# BEGINNER Q: Good meat to start smoking with on kettle BBQ?



## schminky (Aug 17, 2016)

Hi folks,

I recently bought a kettle BBQ (47cm Firefly model) and im wondering what you'd recommend as a good place to start with regard to the choice of meat to smoke?

My research indicates that pork ribs take 3-4 hours and might be a good start for me to get to grips with the method of indirect and water pan cooking. What do u think?

Ta


----------



## smokin monkey (Aug 17, 2016)

Hi Schminky, Cheaper cuts are best. 

Chicken, Pork Tenderloin.

3-4 hours for ribs? this all depends on size and thickness.

Standard cook time for ribs (meaty ribs) is 3-2-1. 3 hours straight forward cook, 2 hours foiled with liquid (like Apple juice to steam) then 1 hour un wrapped to finish.

These times can vary with thickness. 2-1-1/2.

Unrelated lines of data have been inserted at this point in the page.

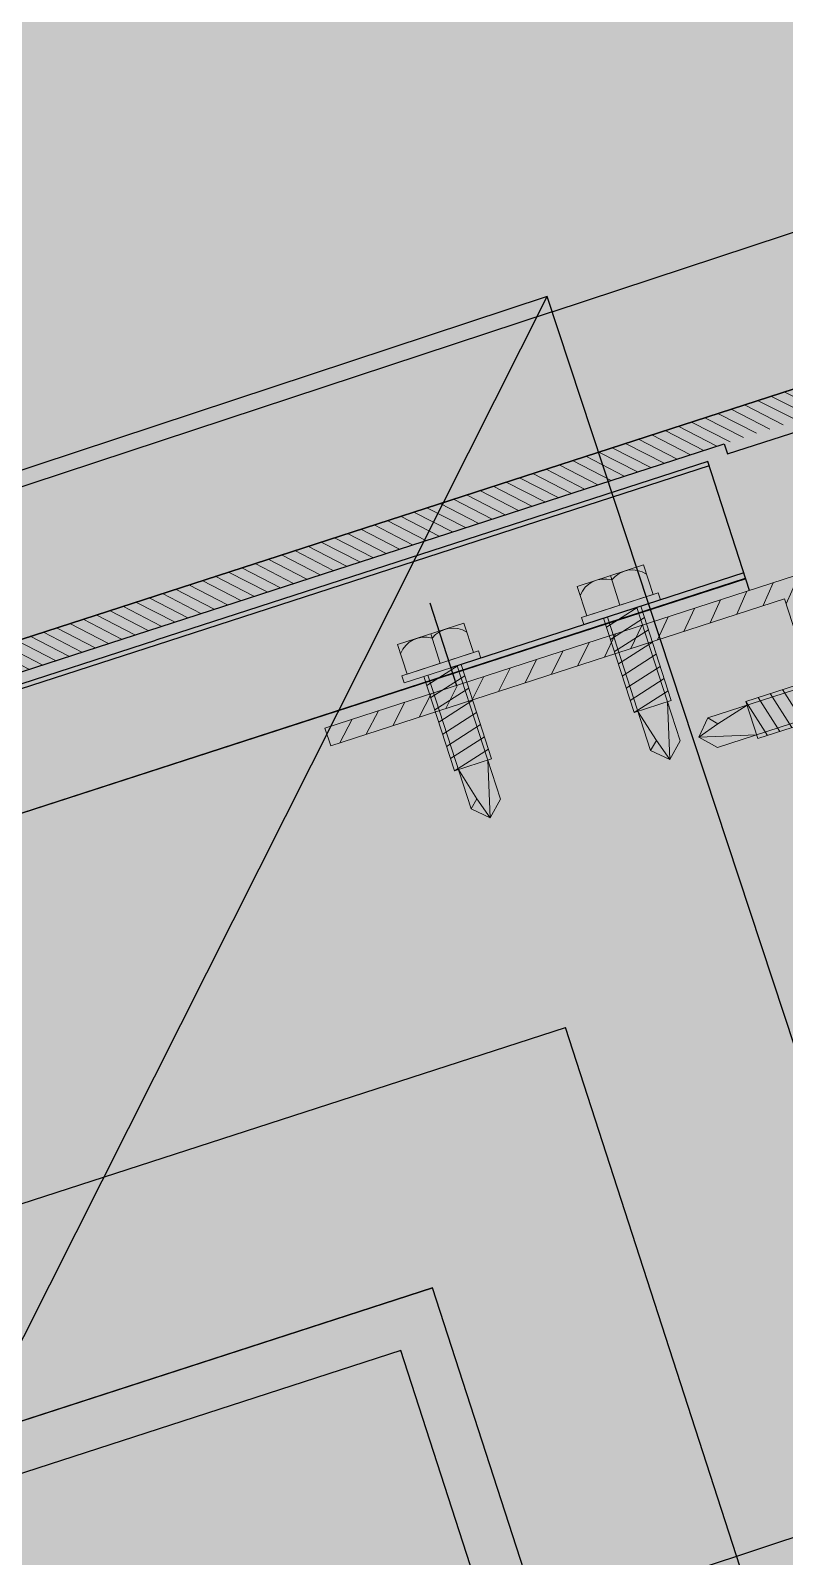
# Model space of a CAD drawing. Header units: metres. Extents: x 678805 to 1359287, y 2747329 to 5497370.
# Drawn here: x 679798.9205 to 679799.0422, y 2748608.8209 to 2748609.0671 of the extents above; entities that cross this region are included whole.
import ezdxf

# ---------------------------------------------------------------- set-up
doc = ezdxf.new("R2010")
doc.units = ezdxf.units.M
doc.linetypes.add('XREF_MON_BUILDINGS$0$DASH_1', pattern=[0.4, 0.1, -0.3])
doc.linetypes.add('XREF_MON_BUILDINGS$0$Dash_2_', pattern=[0.25, 0.125, -0.125])
for name, color, linetype in [('00_XREF_MON_HSC_PAVEMENT', 7, 'Continuous'), ('00_XREF_TWQ_BUILDINGS', 7, 'Continuous'), ('XREF_MON_BUILDINGS$0$00-Modulos DEFINIDOS', 7, 'Continuous'), ('XREF_MON_BUILDINGS$0$00-Modulos ROOFS', 2, 'Continuous'), ('XREF_MON_BUILDINGS$0$02-L-01_Structure', 2, 'Continuous'), ('XREF_MON_BUILDINGS$0$02-L-01_Struture aux', 4, 'Continuous'), ('XREF_MON_BUILDINGS$0$02-L-Insulation', 252, 'Continuous'), ('XREF_MON_BUILDINGS$0$02-L-INT Panel', 5, 'Continuous'), ('XREF_MON_BUILDINGS$0$02-L-panel', 5, 'Continuous'), ('XREF_MON_BUILDINGS$0$02-L-Pergola Profiles', 8, 'Continuous'), ('XREF_MON_BUILDINGS$0$02-L-Pergola Projection', 8, 'Continuous')]:
    doc.layers.add(name, color=color, linetype=linetype)
doc.layers.add('XREF_MON_BUILDINGS$0$0-WIPEOUTS', color=7, linetype='Continuous', true_color=0xffffff)
doc.layers.add('XREF_MON_BUILDINGS$0$02-L-Pergola Wipeout', color=7, linetype='Continuous', true_color=0xffffff)
for name, color, linetype, lineweight in [('XREF_MON_BUILDINGS$0$02-H-251', 251, 'Continuous', 0), ('XREF_MON_BUILDINGS$0$02-H-254', 254, 'Continuous', 0), ('XREF_MON_BUILDINGS$0$02-L-01_Structure L', 7, 'Continuous', 5), ('XREF_MON_BUILDINGS$0$02-L-01_Structure T', 8, 'Continuous', 5)]:
    doc.layers.add(name, color=color, linetype=linetype, lineweight=lineweight)
doc.layers.add('XREF_MON_BUILDINGS$0$02-KH-12 Administration', color=7, linetype='Continuous', lineweight=30, true_color=0xffdf7f)
doc.layers.add('XREF_MON_HSC_PAVEMENT$0$03-TR-Pavement_06_Concrete Slab in situ', color=7, linetype='Continuous', lineweight=9, true_color=0xf7f7f7)
doc.layers.add('XREF_MON_BUILDINGS$0$02-L-Pergola Aux', color=50, linetype='Continuous', plot=False)
doc.layers.get('XREF_MON_BUILDINGS$0$02-KH-12 Administration').off()
doc.linetypes.add('XREF_MON_BUILDINGS$0$BATTING', pattern='A,0.0001,-0.1,[134,ltypeshp.shx,S=0.1,R=0,X=-0.1,Y=0],-0.2,[134,ltypeshp.shx,S=0.1,R=180,X=0.1,Y=0],-0.1', length=0.4001)

# ---------------------------------------------------------------- blocks, each defined once
blk = doc.blocks.new('XREF_MON_BUILDINGS$0$modulo kiosco')
at = {"layer": 'XREF_MON_BUILDINGS$0$0-WIPEOUTS', "true_color": 0xfcfcfc}
h = blk.add_hatch(color=7, dxfattribs=at)
h.dxf.hatch_style = 1
h.paths.add_polyline_path([(119.6986085139215, -61.62058441969566), (119.6986085125245, -56.82058442011476), (124.4986085132696, -56.82058442058042), (124.4986085123383, -61.62058442132547)])
at = {"layer": 'XREF_MON_BUILDINGS$0$00-Modulos ROOFS'}
blk.add_line((119.6986085125245, -56.82058442011476), (124.4986085118726, -61.62058442248963), dxfattribs=at)
at = {"layer": 'XREF_MON_BUILDINGS$0$00-Modulos ROOFS', "lineweight": 0}
blk.add_lwpolyline([(119.6986085139215, -61.62058441969566), (119.6986085125245, -56.82058442011476), (124.4986085132696, -56.82058442058042), (124.4986085123383, -61.62058442132547)], close=True, dxfattribs=at)
at = {"layer": 'XREF_MON_BUILDINGS$0$00-Modulos ROOFS'}
blk.add_lwpolyline([(124.4986085137352, -57.12058442062698), (124.4986085132696, -56.82058442058042), (124.1986085125245, -56.82058442151174), (119.9986085128039, -56.82058442034759), (119.6986085125245, -56.82058442011476), (119.6986085125245, -57.12058442085981), (119.6986085134558, -61.32058442058042), (119.6986085139215, -61.62058441969566), (119.9986085128039, -61.62058442062698), (124.1986085125245, -61.62058442109264), (124.4986085123383, -61.62058442132547), (124.4986085128039, -61.32058442081325)], close=True, dxfattribs=at)
blk = doc.blocks.new('XREF_MON_BUILDINGS$0$PILAR STRUCTURE')
at = {"layer": 'XREF_MON_BUILDINGS$0$02-L-01_Structure', "linetype": 'Continuous'}
h = blk.add_hatch(dxfattribs=at)
h.set_pattern_fill('ANGLE', color=252)
h.set_pattern_definition([(0, (-144.6596111481284, 18.56842418532225), (0, 6.985), [5.08, -1.905]), (90, (-144.6596111481284, 18.56842418532225), (-6.985, 4.277078946022131e-16), [5.08, -1.905])])
h.paths.add_polyline_path([(-0.0800000000000125, -0.08000000000000185), (0.07999999999998408, -0.08000000000000185), (0.07999999999998408, 0.0799999999999983), (-0.0800000000000125, 0.0799999999999983)])
h.paths.add_polyline_path([(-0.07200000000000273, -0.07200000000000273), (0.0719999999999743, -0.07200000000000273), (0.0719999999999743, 0.07199999999999918), (-0.07200000000000273, 0.07199999999999918)], flags=16)
h = blk.add_hatch(color=252, dxfattribs=at)
h.dxf.hatch_style = 1
h.paths.add_polyline_path([(-0.07200000000000273, -0.07200000000000273), (0.0719999999999743, -0.07200000000000273), (0.0719999999999743, 0.07199999999999918), (-0.07200000000000273, 0.07199999999999918)], flags=16)
h.paths.add_polyline_path([(-0.0800000000000125, -0.08000000000000185), (0.07999999999998408, -0.08000000000000185), (0.07999999999998408, 0.0799999999999983), (-0.0800000000000125, 0.0799999999999983)])
for points in [[(-0.0800000000000125, -0.08000000000000185), (0.07999999999998408, -0.08000000000000185), (0.07999999999998408, 0.0799999999999983), (-0.0800000000000125, 0.0799999999999983)], [(-0.07200000000000273, -0.07200000000000273), (0.0719999999999743, -0.07200000000000273), (0.0719999999999743, 0.07199999999999918), (-0.07200000000000273, 0.07199999999999918)]]:
    blk.add_lwpolyline(points, close=True, dxfattribs=at)
blk = doc.blocks.new('XREF_MON_BUILDINGS$0$ULMA_Escuadra40x80_Seccion')
at = {"layer": 'XREF_MON_BUILDINGS$0$02-H-251', "ltscale": 125}
h = blk.add_hatch(dxfattribs=at)
h.set_pattern_fill('ANSI31', color=256, scale=0.001, angle=360, style=0)
h.set_pattern_definition([(45, (0, 0), (-0.002245064030267288, 0.002245064030267289), [])])
h.paths.add_polyline_path([(0, 0.0799999999994725), (0.002999999989697244, 0.0799999999994725), (0.002999999989697244, 0.002999999999701686), (0.03999999999359716, 0.002999999999701686), (0.03999999999359716, 0), (0, 0)])
at = {"layer": 'XREF_MON_BUILDINGS$0$02-L-01_Structure L', "linetype": 'Continuous'}
blk.add_lwpolyline([(0, 0.0799999999994725), (0.002999999989697244, 0.0799999999994725), (0.002999999989697244, 0.002999999999701686), (0.03999999999359716, 0.002999999999701686), (0.03999999999359716, 0), (0, 0)], close=True, dxfattribs=at)
blk = doc.blocks.new('XREF_MON_BUILDINGS$0$ULMA_Montante VV')
at = {"layer": 'XREF_MON_BUILDINGS$0$02-H-251', "ltscale": 125}
h = blk.add_hatch(dxfattribs=at)
h.set_pattern_fill('ANSI31', color=256, scale=0.001, angle=450, style=0)
h.set_pattern_definition([(134.9999999999999, (-0.05125000000043656, -0.00250000000005457), (-0.002245064030267289, -0.002245064030267287), [])])
edge = h.paths.add_edge_path()
edge.add_line((-0.05095000000073924, -0.00250000000005457), (0.04844999999841093, -0.00250000000005457))
edge.add_arc((0.04844999999841093, -0.002200000000129876), 0.0003, 270, 360)
edge.add_line((0.04874999999992724, -0.002200000000129876), (0.04874999999992724, -0.0003000000001520675))
edge.add_arc((0.04844999999841093, -0.0003000000001520675), 0.0003, 0, 90)
edge.add_line((0.04844999999841093, 0), (0, 0))
edge.add_line((0, 0), (0, 0.05719999999996617))
edge.add_arc((-0.0003000000015163096, 0.05719999999996617), 0.0003, 0, 90)
edge.add_line((-0.0003000000015163096, 0.05749999999989086), (-0.002200000000811997, 0.05749999999989086))
edge.add_arc((-0.002200000000811997, 0.05719999999996617), 0.0003, 90, 180)
edge.add_line((-0.002500000000509317, 0.05719999999996617), (-0.002500000000509317, 0))
edge.add_line((-0.002500000000509317, 0), (-0.05095000000073924, 0))
edge.add_arc((-0.05095000000073924, -0.0003000000001520675), 0.0003, 90, 180)
edge.add_line((-0.05125000000043656, -0.0003000000001520675), (-0.05125000000043656, -0.002200000000129876))
edge.add_arc((-0.05095000000073924, -0.002200000000129876), 0.0003, 180, 270)
blk = doc.blocks.new('XREF_MON_BUILDINGS$0$ULMA_Autotaladrante')
at = {"layer": 'XREF_MON_BUILDINGS$0$02-L-01_Structure T', "color": 252}
for p, q in [((0.006200000001172157, 0.005629165124673818), (0.001200000000153523, 0.005629165124673818)), ((-0.02500000000509317, 2.273736754432321e-13), (-0.02263469026956955, 0.00250000000005457)), ((-0.02500000000509317, 2.273736754432321e-13), (-0.01600000000325963, 0.00250000000005457)), ((-0.02263469026956955, 0.00250000000005457), (0, 0.00250000000005457)), ((0, 0.003150000000232467), (-0.01600000000325963, 0.003150000000232467)), ((-0.01600000000325963, -0.003149999999777719), (-0.01600000000325963, 0.003150000000232467)), ((-0.01600000000325963, -0.003149999999777719), (-0.01434631468237058, 0.003150000000232467)), ((-0.01393224676803584, -0.003149999999777719), (-0.01227856144714679, 0.003150000000232467)), ((-0.0118644935323573, -0.003149999999777719), (-0.01021080821146825, 0.003150000000232467)), ((-0.00979674029713351, -0.003149999999777719), (-0.008143054976244457, 0.003150000000232467)), ((-0.00772898706190972, -0.003149999999777719), (-0.006075301741020667, 0.003150000000232467)), ((-0.005661233826231182, -0.003149999999777719), (-0.004007548505342129, 0.003150000000232467)), ((-0.003593480591007392, -0.003149999999777719), (-0.001939795270118339, 0.003150000000232467)), ((-0.001525727355783602, -0.003149999999777719), (0, 0.002662522019363678)), ((-0.02500000000509317, 2.273736754432321e-13), (-0.02263469026956955, -0.002499999999599822)), ((-0.02500000000509317, 2.273736754432321e-13), (-0.02139930772136722, -0.001093663805477263)), ((0.006200000001172157, 2.273736754432321e-13), (0.001200000000153523, 2.273736754432321e-13)), ((-0.02139930772136722, -0.001093663805477263), (-0.02263469026956955, -0.002499999999599822)), ((-0.02139930772136722, -0.001093663805477263), (-0.01600000000325963, -0.002499999999599822)), ((-0.02263469026956955, -0.002499999999599822), (0, -0.002499999999599822)), ((0, -0.003149999999777719), (-0.01600000000325963, -0.003149999999777719)), ((0.006200000001172157, -0.005629165124219071), (0.001200000000153523, -0.005629165124219071))]:
    blk.add_line(p, q, dxfattribs=at)
for points in [[(0.001200000000153523, 0.006499999999959982), (0, 0.006499999999959982), (0, -0.006499999999732609), (0.001200000000153523, -0.006499999999732609)], [(0.006200000001172157, 0.005629165124673818), (0.001200000000153523, 0.005629165124673818), (0.001200000000153523, -0.005629165124219071), (0.006200000001172157, -0.005629165124219071)]]:
    blk.add_lwpolyline(points, close=True, dxfattribs=at)
for centre, start, end in [((0.001986085791031655, 0.002367525475847287), 325.8171883654993, 50.71596115511253), ((0.001986085791031655, -0.002366719792689764), 309.2667341381091, 34.16957033823044)]:
    blk.add_arc(centre, 0.004213914210367771, start, end, dxfattribs=at)
blk = doc.blocks.new('XREF_MON_BUILDINGS$0$A$C15E93CBA')
at = {"layer": 'XREF_MON_BUILDINGS$0$02-H-254', "ltscale": 125}
h = blk.add_hatch(dxfattribs=at)
h.set_pattern_fill('ANSI31', color=256, scale=0.0005, style=0)
h.set_pattern_definition([(45, (-257.3968362112705, -177.0302278850092), (-0.001122532015133644, 0.001122532015133644), [])])
h.paths.add_polyline_path([(-0.005062155310973537, -4.212640442890574), (-0.005059542713738097, -4.778117971550785), (-0.006637944343012236, -4.778117971550785), (-0.006637944343012236, -4.800089152878343), (-8.919957132036416e-05, -4.800089152878343), (-4.172952841230426e-05, -4.212640442890574)])
at = {"layer": 'XREF_MON_BUILDINGS$0$02-L-01_Struture aux'}
for p, q in [((-0.02683148526691781, -4.763441238839903), (-0.02683148526695334, -0.03664791403852519)), ((-0.02674228569559745, -0.03664791403843992), (-0.02674228568123027, -4.76344123883996)), ((-0.0148414504566432, -4.713742081587668), (-0.02883111818586315, -4.713742081587668)), ((-0.02583111816705497, -4.763441238838368), (-0.02583111817433803, -4.713742081587668)), ((-0.02883111818585604, -4.763441238838368), (-0.006936778308421765, -4.763441238855336))]:
    blk.add_line(p, q, dxfattribs=at)
at = {"layer": 'XREF_MON_BUILDINGS$0$02-L-01_Struture aux', "ltscale": 0.001}
for p, q in [((-0.007706930178223104, -4.763441238854739), (-0.007706929952732366, -4.669787669610344)), ((-0.006936778308421765, -4.763441238855336), (-0.006936778082931028, -4.669787669610344))]:
    blk.add_line(p, q, dxfattribs=at)
at = {"layer": 'XREF_MON_BUILDINGS$0$02-L-01_Struture aux'}
for points in [[(-0.007706929952732366, -4.669787669610344), (-0.007706933658312209, -0.03664791402366063)], [(-0.006936781788510871, -0.0366479140230922), (-0.006936778082931028, -4.669787669610344)]]:
    blk.add_lwpolyline(points, dxfattribs=at)
at = {"layer": 'XREF_MON_BUILDINGS$0$02-L-Insulation', "linetype": 'XREF_MON_BUILDINGS$0$BATTING', "ltscale": 0.08}
for p in [(-0.08672256581777305, -0.08535283128404103), (-4.520089199574052, -4.713455833308899)]:
    blk.add_line(p, (-0.08672256581777305, -4.713455833315209), dxfattribs=at)
at = {"layer": 'XREF_MON_BUILDINGS$0$02-L-INT Panel', "linetype": 'Continuous'}
blk.add_line((-0.1200891995690867, -0.1200891995603115), (-0.1200891995704225, -4.68008919956435), dxfattribs=at)
at = {"layer": 'XREF_MON_BUILDINGS$0$02-L-panel'}
for p, q in [((-0.005109625353888703, -4.212640442890574), (-0.005059542713730991, -4.766854550847142)), ((-8.919957132746958e-05, -4.212640442890574), (-8.919957131325873e-05, -4.800089152878343)), ((-8.919957131325873e-05, -4.800089152878343), (-8.919957132746958e-05, -4.212640442890574)), ((-0.005059542713730991, -4.766854550847142), (-0.006777997265892566, -4.766854550847142)), ((-0.006777997265892566, -4.766854550847142), (-0.006777997265892566, -4.800089152878343))]:
    blk.add_line(p, q, dxfattribs=at)
at = {"layer": 'XREF_MON_BUILDINGS$0$02-L-01_Structure', "linetype": 'Continuous', "rotation": 180}
blk.add_blockref('XREF_MON_BUILDINGS$0$PILAR STRUCTURE', (-0.200089199570435, -4.600089199562007), dxfattribs=at)
blk.add_blockref('XREF_MON_BUILDINGS$0$PILAR STRUCTURE', (-0.200089199570435, -4.600089199562007), dxfattribs=at)
at = {"layer": 'XREF_MON_BUILDINGS$0$02-L-01_Struture aux', "rotation": 180}
blk.add_blockref('XREF_MON_BUILDINGS$0$ULMA_Escuadra40x80_Seccion', (-0.188564700611856, -4.68008919956111), dxfattribs=at)
at = {"layer": 'XREF_MON_BUILDINGS$0$02-L-01_Struture aux', "xscale": -1}
blk.add_blockref('XREF_MON_BUILDINGS$0$ULMA_Escuadra40x80_Seccion', (-0.02883111818312756, -4.771396980764393), dxfattribs=at)
for p, rotation in [((-0.02583111817433092, -4.712319028285037), 179.9952589479335), ((-0.02583111817069295, -4.742800317262208), 179.9952589479335), ((-0.04883113697338359, -4.773347518625656), 89.99525894793354)]:
    blk.add_blockref('XREF_MON_BUILDINGS$0$ULMA_Autotaladrante', p, dxfattribs=dict(at, rotation=rotation))
at = {"layer": 'XREF_MON_BUILDINGS$0$02-L-01_Struture aux'}
blk.add_blockref('XREF_MON_BUILDINGS$0$ULMA_Montante VV', (-0.1860647006113396, -4.76889686718647), dxfattribs=at)
blk = doc.blocks.new('XREF_MON_BUILDINGS$0$PERGOLA PLANA')
at = {"layer": 'XREF_MON_BUILDINGS$0$02-L-Pergola Wipeout', "true_color": 0xfcfcfc}
h = blk.add_hatch(color=7, dxfattribs=at)
h.dxf.hatch_style = 1
h.paths.add_polyline_path([(4.612218253081664, 9.290000000968575), (0.3099999981932342, 4.987781745847315), (0.3099999986588955, 9.290000000037253)])
h.paths.add_polyline_path([(0.332781744771637, 4.855000000447035), (4.744999998947605, 9.267218254506588), (4.744999999529682, 4.900563496164978), (4.699436504277401, 4.855000000447035)])
h.paths.add_polyline_path([(4.854999999050051, 9.290000001899898), (9.13443650235422, 9.29000000236556), (4.854999999632128, 5.010563495568931)])
h.paths.add_polyline_path([(9.289999997243285, 9.134436507709324), (9.289999997825362, 4.855000001844019), (5.010563491727225, 4.855000000912696)])
h.paths.add_polyline_path([(4.900563491159119, 4.745000001043081), (9.267218253924511, 4.745000001508743), (4.85500000033062, 0.3327817460522056), (4.854999999166466, 4.699436508584768)])
h.paths.add_polyline_path([(9.289999997825362, 4.612218253780156), (9.289999998291023, 0.3100000019185245), (4.987781747244298, 0.3100000009872019)])
h.paths.add_polyline_path([(0.465563491685316, 0.3100000000558794), (4.744999999064021, 4.589436508249491), (4.745000000111759, 0.3100000014528632)])
h.paths.add_polyline_path([(0.3099999980768189, 4.745000000111759), (4.589436504989862, 4.745000000111759), (0.3099999976111576, 0.4655634895898402)])
h.paths.add_polyline_path([(9.399999998277053, 0.2000000020489097), (0.1999999997206032, 0.1999999997206032), (0.1999999986728653, 9.399999999906868), (9.399999999324791, 9.400000001769513)])
at = {"layer": 'XREF_MON_BUILDINGS$0$02-L-Pergola Aux', "linetype": 'XREF_MON_BUILDINGS$0$Dash_2_', "ltscale": 0.5}
for p, q in [((-1.396983861923218e-09, 9.599999999627471), (9.59999999939464, 9.599999998230487)), ((9.599999998230487, 2.328306436538696e-09), (0, 0))]:
    blk.add_line(p, q, dxfattribs=at)
at = {"layer": 'XREF_MON_BUILDINGS$0$02-L-Pergola Profiles'}
blk.add_lwpolyline([(9.399999998277053, 0.2000000020489097), (0.1999999997206032, 0.1999999997206032), (0.1999999986728653, 9.399999999906868), (9.399999999324791, 9.400000001769513)], close=True, dxfattribs=at)
at = {"layer": 'XREF_MON_BUILDINGS$0$02-L-Pergola Projection', "linetype": 'XREF_MON_BUILDINGS$0$DASH_1'}
blk.add_lwpolyline([(9.399999998277053, 0.2000000020489097), (0.1999999997206032, 0.1999999997206032), (0.1999999986728653, 9.399999999906868), (9.399999999324791, 9.400000001769513)], close=True, dxfattribs=at)
blk = doc.blocks.new('XREF_MON_BUILDINGS')
at = {"layer": 'XREF_MON_BUILDINGS$0$02-KH-12 Administration', "linetype": 'Continuous', "rotation": 108.2651524443068}
blk.add_blockref('XREF_MON_BUILDINGS$0$modulo kiosco', (679779.5077208295, 2748471.485474898, 7.827123631136319e-06), dxfattribs=at)
at = {"layer": 'XREF_MON_BUILDINGS$0$00-Modulos DEFINIDOS', "rotation": 107.9486422297345}
blk.add_blockref('XREF_MON_BUILDINGS$0$A$C15E93CBA', (679794.4960664306, 2748607.536258159, 2.192715217898053e-06), dxfattribs=at)
at = {"layer": 'XREF_MON_BUILDINGS$0$02-L-Pergola Projection', "xscale": -1, "rotation": 18.26515243161932}
for p in [(679801.2837984248, 2748609.773919757, 3.563790448099723e-06), (679804.2925819692, 2748600.657603528, 3.563790448099723e-06)]:
    blk.add_blockref('XREF_MON_BUILDINGS$0$PERGOLA PLANA', p, dxfattribs=at)
blk = doc.blocks.new('XREF_MON_HSC_PAVEMENT')
at = {"layer": 'XREF_MON_HSC_PAVEMENT$0$03-TR-Pavement_06_Concrete Slab in situ', "linetype": 'Continuous'}
h = blk.add_hatch(color=256, dxfattribs=at)
h.dxf.hatch_style = 1
h.paths.add_polyline_path([(679764.8595081758, 2748618.962261748), (679827.2147204854, 2748639.558390062), (679835.4556343118, 2748614.728242476), (679775.6626727318, 2748586.251462926)])

msp = doc.modelspace()

# ---------------------------------------------------------------- block references
at = {"layer": '00_XREF_MON_HSC_PAVEMENT'}
msp.add_blockref('XREF_MON_HSC_PAVEMENT', (0, 0), dxfattribs=at)

# ---------------------------------------------------------------- next in the draw order: block references
at = {"layer": '00_XREF_TWQ_BUILDINGS'}
msp.add_blockref('XREF_MON_BUILDINGS', (0, 0), dxfattribs=at)

# ---------------------------------------------------------------- next in the draw order: block references
msp.add_blockref('XREF_MON_BUILDINGS', (0, 0))

doc.saveas('drawing.dxf')

You are looking for draw back of the meat from the bone.













image.jpeg



__ smokin monkey
__ Aug 17, 2016


----------



## bluewhisper (Aug 17, 2016)

Yes, chicken is a good choice for learning your rig without risking too much $$ and time for that matter.


----------



## schminky (Aug 18, 2016)

Great! Thanks for the feedback. 

@Smokin Monkey  

Do you have a favourite recipe for the marinade/ rub? What's your favourite thing to smoke on your kettle bbq?

@BlueWhisper

Loved your Mod Masterbuilt thread. What's your favourite thing to smoke on your rig?


----------



## wade (Aug 18, 2016)

Whole or spatchcock chicken work well on the Kettle but my advice is do not try to cook it too low and slow. It really needs to be smoked at around 280-300 F and it will only take a couple of hours. Cook it too long and it will dry out and 1-2 hours gives chicken more than enough smoke.
 
When I do chicken like this I take 4 ozs of butter, the grated zest of 2 limes and their juice, 2 crushed garlic cloves and half a habanero chilli chopped finely.
If the butter is cold then grate it into a bowl to soften it and add all of the other ingredients. Mix well with your hands
If you spatchcock the chicken then spread it out breasts up. If you are doing it whole then cook it untrussed as either beer can chicken or with the skin removed from the large end of the cavity to ensure that it remains open.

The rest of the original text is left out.